Given records.

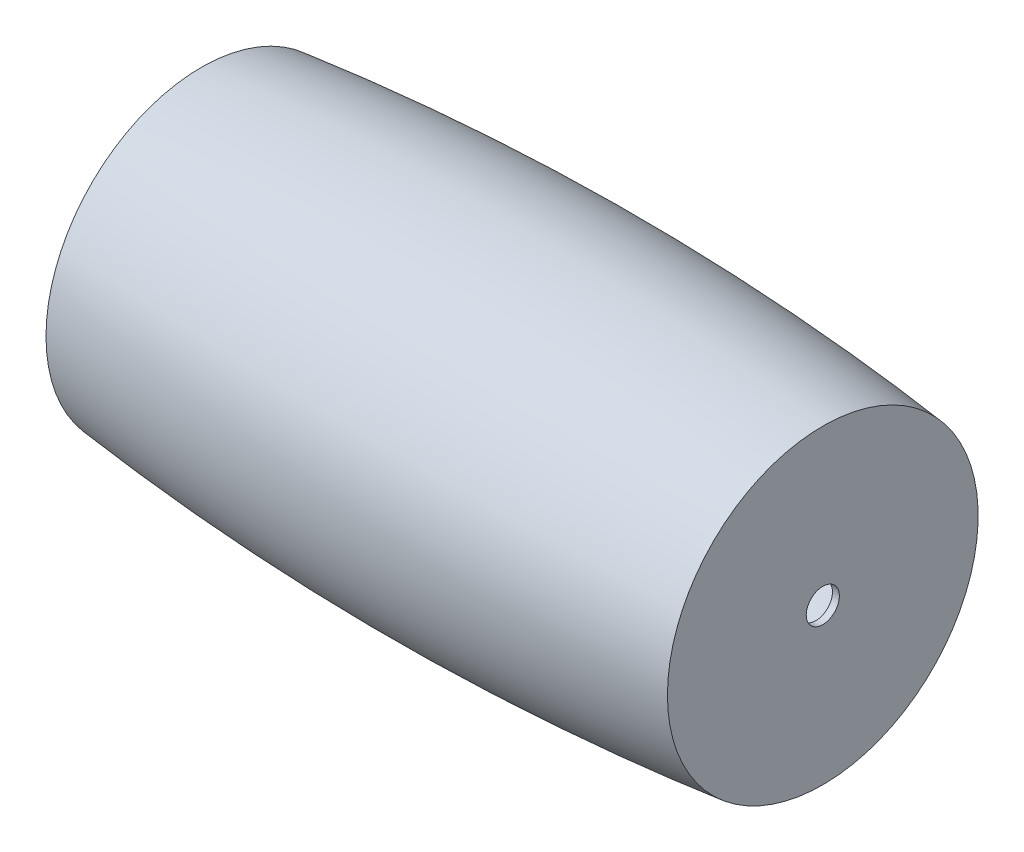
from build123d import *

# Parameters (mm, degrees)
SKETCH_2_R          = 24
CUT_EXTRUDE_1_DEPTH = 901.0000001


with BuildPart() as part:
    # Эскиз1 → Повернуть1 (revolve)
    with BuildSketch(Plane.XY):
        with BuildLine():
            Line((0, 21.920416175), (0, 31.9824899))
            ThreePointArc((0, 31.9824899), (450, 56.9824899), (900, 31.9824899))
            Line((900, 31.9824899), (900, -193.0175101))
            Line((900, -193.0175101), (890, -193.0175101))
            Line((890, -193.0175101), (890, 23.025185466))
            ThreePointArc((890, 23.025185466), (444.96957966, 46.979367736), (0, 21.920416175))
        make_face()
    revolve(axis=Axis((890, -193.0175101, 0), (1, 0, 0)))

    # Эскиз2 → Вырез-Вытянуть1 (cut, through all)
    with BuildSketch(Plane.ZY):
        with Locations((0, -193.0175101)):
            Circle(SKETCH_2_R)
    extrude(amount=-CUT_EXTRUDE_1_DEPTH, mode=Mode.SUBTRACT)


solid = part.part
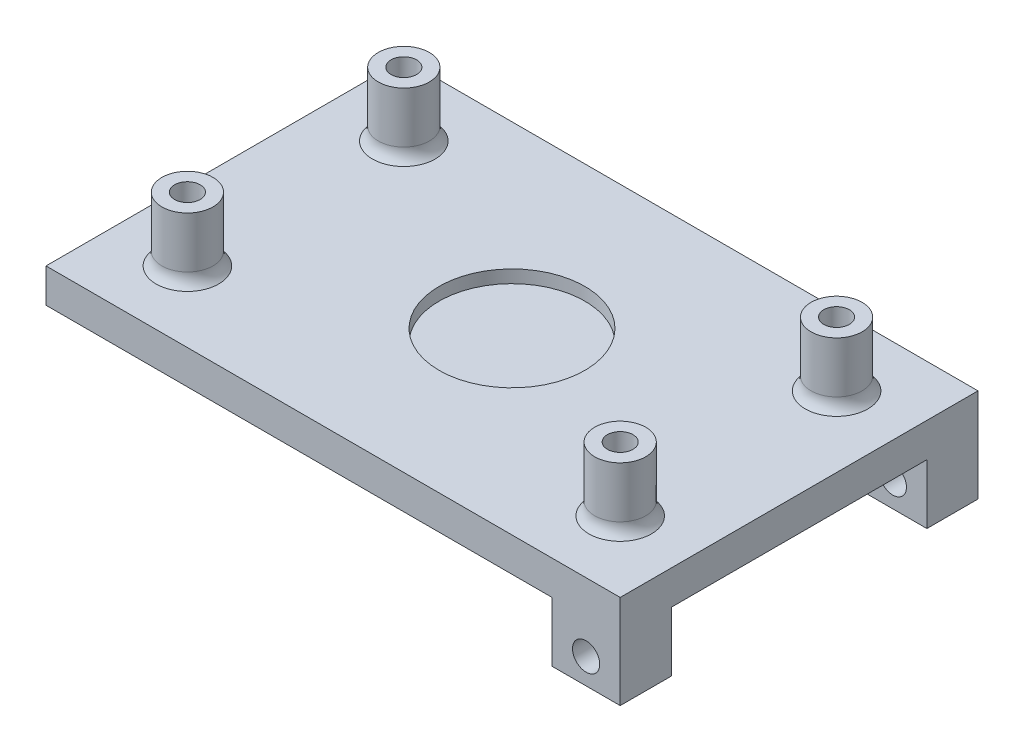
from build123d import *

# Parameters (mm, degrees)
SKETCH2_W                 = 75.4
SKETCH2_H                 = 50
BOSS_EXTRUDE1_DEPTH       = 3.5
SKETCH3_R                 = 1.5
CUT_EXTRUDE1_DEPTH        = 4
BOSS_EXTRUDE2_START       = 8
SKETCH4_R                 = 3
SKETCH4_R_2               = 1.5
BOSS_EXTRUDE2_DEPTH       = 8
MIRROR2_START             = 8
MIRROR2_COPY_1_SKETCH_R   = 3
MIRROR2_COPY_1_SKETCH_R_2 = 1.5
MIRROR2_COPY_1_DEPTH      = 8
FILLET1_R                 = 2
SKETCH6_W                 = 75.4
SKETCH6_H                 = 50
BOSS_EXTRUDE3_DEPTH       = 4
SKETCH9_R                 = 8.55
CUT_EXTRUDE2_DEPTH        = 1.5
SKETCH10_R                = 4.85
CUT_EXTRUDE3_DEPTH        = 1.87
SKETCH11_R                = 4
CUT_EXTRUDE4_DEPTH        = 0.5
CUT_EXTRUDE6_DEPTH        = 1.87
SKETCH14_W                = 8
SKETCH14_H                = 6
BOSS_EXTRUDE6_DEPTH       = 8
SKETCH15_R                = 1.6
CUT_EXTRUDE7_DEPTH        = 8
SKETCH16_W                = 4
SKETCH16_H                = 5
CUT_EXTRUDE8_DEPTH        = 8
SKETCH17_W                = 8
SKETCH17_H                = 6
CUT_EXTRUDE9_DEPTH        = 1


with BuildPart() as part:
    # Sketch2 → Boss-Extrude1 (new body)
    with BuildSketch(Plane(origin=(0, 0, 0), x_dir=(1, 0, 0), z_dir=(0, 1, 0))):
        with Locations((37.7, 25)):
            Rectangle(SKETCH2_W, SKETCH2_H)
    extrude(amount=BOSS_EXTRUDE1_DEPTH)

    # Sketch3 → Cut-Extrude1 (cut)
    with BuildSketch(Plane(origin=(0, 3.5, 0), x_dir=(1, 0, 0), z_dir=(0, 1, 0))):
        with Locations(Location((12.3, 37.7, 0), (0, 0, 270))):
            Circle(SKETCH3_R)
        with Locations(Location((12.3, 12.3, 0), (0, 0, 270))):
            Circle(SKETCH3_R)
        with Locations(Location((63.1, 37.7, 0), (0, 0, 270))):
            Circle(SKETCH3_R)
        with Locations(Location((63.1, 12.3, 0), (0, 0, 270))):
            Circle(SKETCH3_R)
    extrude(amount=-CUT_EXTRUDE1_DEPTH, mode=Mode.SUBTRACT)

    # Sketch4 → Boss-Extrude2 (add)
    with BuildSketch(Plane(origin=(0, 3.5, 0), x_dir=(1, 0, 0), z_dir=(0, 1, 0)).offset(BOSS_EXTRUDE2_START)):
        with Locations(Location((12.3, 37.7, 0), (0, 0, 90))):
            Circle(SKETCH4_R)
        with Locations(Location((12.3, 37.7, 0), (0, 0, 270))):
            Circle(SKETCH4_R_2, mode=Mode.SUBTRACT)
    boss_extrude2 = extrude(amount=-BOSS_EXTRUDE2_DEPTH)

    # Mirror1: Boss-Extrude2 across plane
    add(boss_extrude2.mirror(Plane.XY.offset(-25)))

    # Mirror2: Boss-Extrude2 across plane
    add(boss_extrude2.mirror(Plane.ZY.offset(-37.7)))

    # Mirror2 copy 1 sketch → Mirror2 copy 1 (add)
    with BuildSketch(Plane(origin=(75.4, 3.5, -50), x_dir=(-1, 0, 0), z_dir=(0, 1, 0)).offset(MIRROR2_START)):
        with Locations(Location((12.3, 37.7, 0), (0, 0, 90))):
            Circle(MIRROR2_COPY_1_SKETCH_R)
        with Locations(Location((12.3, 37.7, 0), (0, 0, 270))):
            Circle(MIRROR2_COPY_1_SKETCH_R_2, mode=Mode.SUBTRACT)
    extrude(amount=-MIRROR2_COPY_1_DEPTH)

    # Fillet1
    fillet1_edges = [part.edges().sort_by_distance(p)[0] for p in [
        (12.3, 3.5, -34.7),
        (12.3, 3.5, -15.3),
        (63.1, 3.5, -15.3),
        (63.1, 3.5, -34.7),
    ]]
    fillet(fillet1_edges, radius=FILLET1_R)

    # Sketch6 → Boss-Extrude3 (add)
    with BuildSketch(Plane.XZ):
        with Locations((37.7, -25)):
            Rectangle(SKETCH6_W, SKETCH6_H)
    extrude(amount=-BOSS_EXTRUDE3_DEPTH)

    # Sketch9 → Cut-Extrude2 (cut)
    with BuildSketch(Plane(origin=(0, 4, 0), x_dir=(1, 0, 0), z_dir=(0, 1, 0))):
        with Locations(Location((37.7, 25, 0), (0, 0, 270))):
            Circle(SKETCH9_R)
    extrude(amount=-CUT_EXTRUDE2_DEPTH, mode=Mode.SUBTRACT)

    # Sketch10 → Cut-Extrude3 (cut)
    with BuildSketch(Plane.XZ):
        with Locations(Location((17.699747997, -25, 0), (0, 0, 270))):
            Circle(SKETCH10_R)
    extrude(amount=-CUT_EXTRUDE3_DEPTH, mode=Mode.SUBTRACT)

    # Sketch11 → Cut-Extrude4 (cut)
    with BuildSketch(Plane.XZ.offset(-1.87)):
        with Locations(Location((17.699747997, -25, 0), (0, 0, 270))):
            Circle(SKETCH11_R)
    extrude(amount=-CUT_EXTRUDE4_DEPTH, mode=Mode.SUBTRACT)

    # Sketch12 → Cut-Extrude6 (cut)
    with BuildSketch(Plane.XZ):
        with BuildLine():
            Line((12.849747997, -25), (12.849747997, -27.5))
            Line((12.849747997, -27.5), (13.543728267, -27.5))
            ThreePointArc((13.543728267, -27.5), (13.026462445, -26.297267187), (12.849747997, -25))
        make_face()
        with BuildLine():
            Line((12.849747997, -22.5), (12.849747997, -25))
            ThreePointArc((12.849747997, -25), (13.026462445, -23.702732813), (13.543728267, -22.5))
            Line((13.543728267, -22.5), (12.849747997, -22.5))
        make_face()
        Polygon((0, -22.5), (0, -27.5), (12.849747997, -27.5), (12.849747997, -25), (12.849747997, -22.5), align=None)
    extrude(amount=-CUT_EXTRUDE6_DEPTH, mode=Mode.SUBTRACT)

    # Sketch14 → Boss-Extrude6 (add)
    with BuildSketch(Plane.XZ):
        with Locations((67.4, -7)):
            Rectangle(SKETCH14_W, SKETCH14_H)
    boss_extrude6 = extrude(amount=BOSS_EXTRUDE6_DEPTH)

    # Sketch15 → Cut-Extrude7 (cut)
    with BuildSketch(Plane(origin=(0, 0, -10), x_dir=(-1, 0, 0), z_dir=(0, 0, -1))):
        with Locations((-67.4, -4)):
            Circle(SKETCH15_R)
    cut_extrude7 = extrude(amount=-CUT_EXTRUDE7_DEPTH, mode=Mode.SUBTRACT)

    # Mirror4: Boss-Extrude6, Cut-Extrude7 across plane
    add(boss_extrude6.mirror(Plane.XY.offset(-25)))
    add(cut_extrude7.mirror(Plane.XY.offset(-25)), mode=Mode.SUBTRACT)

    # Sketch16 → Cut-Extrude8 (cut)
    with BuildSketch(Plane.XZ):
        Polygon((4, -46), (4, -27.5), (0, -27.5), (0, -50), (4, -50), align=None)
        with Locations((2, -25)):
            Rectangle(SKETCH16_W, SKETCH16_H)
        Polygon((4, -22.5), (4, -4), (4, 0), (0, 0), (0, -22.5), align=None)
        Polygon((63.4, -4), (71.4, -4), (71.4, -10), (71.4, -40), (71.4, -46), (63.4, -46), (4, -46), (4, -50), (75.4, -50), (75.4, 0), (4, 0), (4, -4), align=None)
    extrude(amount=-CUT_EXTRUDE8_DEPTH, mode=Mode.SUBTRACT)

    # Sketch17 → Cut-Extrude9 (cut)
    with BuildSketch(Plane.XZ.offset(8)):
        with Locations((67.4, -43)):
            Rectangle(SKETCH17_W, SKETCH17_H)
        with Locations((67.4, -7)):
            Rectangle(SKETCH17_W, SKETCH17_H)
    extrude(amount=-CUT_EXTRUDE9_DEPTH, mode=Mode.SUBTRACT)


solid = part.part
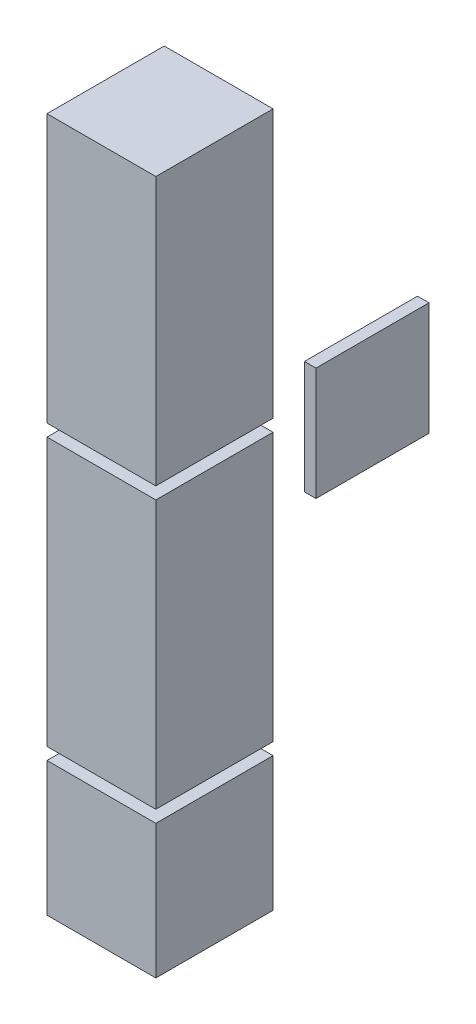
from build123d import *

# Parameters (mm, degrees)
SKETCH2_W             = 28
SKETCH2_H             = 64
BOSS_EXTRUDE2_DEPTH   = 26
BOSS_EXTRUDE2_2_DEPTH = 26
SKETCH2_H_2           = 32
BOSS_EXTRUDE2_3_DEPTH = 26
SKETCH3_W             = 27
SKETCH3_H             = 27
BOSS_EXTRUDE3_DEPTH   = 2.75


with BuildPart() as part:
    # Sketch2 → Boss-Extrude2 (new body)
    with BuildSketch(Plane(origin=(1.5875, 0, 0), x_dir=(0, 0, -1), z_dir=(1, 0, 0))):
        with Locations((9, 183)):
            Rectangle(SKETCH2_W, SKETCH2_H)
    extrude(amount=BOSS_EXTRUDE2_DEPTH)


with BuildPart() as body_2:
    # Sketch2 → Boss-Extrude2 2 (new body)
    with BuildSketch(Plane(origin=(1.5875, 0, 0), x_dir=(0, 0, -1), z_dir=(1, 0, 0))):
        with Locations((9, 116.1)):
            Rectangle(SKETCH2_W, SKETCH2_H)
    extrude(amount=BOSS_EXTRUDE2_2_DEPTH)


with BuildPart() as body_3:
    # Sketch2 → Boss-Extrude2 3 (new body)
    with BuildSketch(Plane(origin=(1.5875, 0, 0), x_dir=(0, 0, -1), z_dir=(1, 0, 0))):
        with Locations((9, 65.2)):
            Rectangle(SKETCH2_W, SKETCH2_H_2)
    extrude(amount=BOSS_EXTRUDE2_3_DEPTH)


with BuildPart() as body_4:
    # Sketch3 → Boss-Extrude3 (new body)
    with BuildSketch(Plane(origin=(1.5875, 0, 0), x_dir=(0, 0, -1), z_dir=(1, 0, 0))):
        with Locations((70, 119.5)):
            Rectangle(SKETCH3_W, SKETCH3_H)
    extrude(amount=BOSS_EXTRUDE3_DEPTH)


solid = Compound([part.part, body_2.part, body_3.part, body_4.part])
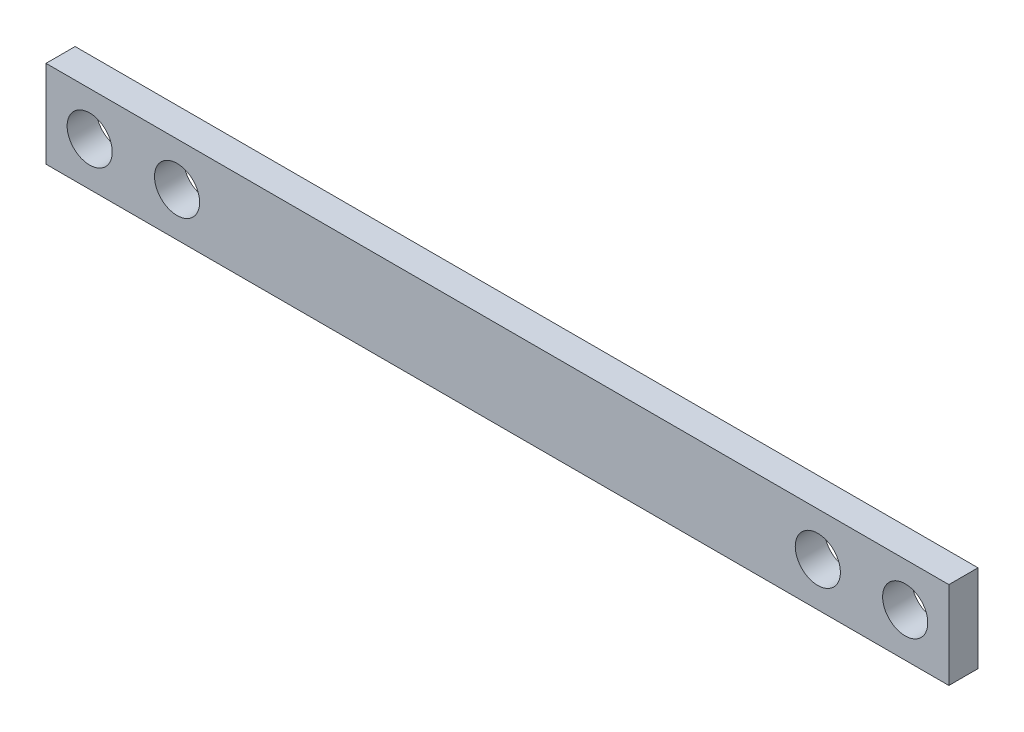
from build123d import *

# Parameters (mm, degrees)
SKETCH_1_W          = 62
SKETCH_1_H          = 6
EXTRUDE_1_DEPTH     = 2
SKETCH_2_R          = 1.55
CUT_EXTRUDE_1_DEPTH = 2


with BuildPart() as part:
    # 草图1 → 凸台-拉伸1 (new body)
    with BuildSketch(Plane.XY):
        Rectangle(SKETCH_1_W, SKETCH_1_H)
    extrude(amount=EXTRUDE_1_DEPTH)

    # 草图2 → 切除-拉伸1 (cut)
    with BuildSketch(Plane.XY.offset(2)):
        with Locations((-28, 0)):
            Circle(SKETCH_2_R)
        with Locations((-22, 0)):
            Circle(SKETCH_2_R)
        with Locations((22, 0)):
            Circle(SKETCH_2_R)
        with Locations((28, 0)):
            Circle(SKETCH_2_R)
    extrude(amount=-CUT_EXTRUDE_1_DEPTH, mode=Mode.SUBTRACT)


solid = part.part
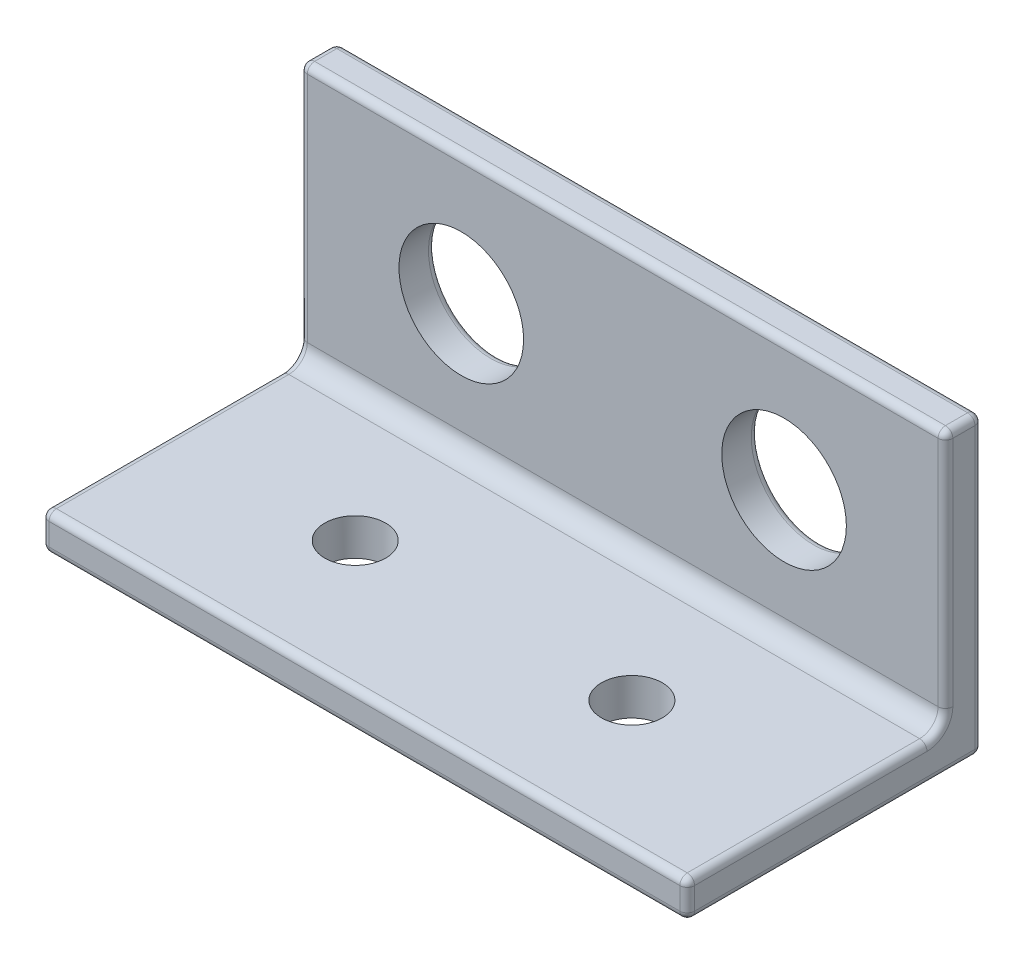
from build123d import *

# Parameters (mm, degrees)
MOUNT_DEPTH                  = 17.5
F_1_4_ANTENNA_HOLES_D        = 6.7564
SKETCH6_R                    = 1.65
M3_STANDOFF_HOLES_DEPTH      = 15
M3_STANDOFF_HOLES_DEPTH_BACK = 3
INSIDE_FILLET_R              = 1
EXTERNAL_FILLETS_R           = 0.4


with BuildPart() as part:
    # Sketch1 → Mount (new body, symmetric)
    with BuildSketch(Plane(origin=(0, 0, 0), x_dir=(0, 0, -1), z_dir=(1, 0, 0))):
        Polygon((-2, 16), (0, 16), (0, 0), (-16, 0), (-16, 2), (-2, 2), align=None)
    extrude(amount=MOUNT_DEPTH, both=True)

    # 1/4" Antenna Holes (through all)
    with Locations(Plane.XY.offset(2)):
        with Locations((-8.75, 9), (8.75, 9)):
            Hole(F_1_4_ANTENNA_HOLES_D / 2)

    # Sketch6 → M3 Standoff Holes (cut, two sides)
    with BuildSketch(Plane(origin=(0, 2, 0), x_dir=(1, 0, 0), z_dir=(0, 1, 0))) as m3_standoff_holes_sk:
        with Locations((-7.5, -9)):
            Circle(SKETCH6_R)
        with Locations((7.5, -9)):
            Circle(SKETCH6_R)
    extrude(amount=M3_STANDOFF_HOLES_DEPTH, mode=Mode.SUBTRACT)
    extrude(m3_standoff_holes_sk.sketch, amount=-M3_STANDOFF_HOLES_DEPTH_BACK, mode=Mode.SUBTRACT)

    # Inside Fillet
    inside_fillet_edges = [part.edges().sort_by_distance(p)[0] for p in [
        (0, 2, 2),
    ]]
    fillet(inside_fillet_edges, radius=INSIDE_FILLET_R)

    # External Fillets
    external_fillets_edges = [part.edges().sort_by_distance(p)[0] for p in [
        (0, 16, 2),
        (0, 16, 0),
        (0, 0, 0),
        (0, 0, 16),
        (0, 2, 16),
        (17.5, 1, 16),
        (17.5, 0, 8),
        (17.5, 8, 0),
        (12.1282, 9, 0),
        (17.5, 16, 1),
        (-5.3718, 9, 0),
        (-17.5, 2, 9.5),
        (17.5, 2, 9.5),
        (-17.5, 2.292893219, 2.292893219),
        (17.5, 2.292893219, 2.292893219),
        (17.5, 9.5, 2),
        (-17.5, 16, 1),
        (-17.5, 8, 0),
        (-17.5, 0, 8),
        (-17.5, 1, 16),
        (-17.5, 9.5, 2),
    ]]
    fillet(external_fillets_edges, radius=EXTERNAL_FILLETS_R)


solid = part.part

The problem. Say how many lines in the data hold the string "radius", and write nothing else.

Exercise response. 3